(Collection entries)
· · · · · · ·

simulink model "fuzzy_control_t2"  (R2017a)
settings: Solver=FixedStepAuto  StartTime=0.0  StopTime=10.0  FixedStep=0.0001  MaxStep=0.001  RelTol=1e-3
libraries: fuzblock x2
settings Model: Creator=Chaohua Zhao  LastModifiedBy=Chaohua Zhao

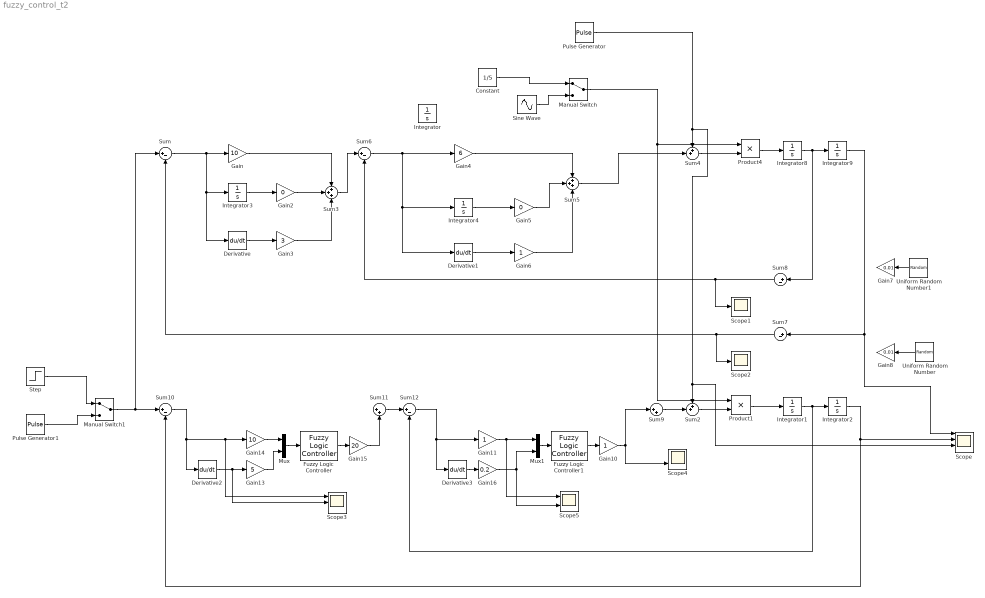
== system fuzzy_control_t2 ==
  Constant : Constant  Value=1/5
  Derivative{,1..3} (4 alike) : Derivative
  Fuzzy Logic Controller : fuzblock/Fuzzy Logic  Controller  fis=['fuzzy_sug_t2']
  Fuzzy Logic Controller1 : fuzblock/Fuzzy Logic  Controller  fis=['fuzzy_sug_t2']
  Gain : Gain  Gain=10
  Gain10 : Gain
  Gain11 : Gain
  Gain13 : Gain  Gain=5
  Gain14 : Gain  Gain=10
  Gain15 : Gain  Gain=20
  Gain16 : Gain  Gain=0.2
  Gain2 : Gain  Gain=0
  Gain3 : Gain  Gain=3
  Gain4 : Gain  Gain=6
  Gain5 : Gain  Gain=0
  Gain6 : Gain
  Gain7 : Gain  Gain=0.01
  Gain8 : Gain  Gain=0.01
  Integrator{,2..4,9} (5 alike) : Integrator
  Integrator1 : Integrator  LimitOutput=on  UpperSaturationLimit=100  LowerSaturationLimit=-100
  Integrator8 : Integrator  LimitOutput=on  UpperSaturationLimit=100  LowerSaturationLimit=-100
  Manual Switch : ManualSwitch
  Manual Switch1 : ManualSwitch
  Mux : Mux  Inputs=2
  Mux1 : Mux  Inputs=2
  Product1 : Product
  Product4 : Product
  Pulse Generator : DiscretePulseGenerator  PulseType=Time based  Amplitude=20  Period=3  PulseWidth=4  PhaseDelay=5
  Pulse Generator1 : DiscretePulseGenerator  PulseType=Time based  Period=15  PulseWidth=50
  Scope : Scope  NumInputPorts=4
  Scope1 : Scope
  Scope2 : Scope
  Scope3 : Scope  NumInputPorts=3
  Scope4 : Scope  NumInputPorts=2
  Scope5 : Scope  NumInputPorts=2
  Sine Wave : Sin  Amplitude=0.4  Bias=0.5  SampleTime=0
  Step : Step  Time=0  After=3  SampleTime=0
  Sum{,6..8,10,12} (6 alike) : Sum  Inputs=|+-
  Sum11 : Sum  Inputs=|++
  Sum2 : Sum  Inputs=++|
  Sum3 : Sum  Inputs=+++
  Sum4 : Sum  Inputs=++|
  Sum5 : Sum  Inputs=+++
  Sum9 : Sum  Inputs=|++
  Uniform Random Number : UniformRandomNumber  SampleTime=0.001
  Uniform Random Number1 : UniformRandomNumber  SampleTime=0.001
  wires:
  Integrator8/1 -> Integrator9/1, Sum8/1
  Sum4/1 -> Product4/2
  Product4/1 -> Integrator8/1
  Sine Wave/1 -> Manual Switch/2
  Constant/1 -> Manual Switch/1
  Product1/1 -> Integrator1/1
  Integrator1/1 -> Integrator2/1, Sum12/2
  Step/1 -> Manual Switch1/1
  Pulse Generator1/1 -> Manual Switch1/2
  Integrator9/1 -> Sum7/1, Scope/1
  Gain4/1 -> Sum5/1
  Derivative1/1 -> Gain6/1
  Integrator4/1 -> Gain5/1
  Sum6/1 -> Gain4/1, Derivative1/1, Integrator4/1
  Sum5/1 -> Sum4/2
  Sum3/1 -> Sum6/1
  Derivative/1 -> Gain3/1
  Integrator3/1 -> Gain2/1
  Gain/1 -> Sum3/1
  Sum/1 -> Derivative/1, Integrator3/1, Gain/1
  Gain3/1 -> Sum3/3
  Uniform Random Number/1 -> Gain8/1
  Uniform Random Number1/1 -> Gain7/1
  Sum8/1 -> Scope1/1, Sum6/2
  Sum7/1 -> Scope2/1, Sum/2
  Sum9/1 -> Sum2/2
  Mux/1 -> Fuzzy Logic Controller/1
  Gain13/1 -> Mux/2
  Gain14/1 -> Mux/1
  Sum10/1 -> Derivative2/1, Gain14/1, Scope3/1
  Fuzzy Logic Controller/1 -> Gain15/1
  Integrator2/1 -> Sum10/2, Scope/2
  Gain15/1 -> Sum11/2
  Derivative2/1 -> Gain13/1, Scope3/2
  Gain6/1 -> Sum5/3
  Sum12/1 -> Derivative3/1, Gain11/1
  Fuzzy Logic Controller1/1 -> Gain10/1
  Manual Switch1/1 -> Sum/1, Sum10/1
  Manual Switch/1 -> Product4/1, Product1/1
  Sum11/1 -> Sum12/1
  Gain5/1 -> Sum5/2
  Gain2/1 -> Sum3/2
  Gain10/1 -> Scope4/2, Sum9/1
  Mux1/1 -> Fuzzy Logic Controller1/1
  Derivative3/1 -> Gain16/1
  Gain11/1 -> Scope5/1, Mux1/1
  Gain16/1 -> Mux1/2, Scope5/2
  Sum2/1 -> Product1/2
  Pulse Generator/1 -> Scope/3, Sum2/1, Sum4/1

· · · · · · ·

## PROBLEM DETAILS
Taking the entries above, write out exactly the lines starting with the line containing "Integrator8/1 -> Integrator9/1, Sum8/1" and going on through the line containing "Gain/1 -> Sum3/1", both included, and nothing else.

## ANSWER
  Integrator8/1 -> Integrator9/1, Sum8/1
  Sum4/1 -> Product4/2
  Product4/1 -> Integrator8/1
  Sine Wave/1 -> Manual Switch/2
  Constant/1 -> Manual Switch/1
  Product1/1 -> Integrator1/1
  Integrator1/1 -> Integrator2/1, Sum12/2
  Step/1 -> Manual Switch1/1
  Pulse Generator1/1 -> Manual Switch1/2
  Integrator9/1 -> Sum7/1, Scope/1
  Gain4/1 -> Sum5/1
  Derivative1/1 -> Gain6/1
  Integrator4/1 -> Gain5/1
  Sum6/1 -> Gain4/1, Derivative1/1, Integrator4/1
  Sum5/1 -> Sum4/2
  Sum3/1 -> Sum6/1
  Derivative/1 -> Gain3/1
  Integrator3/1 -> Gain2/1
  Gain/1 -> Sum3/1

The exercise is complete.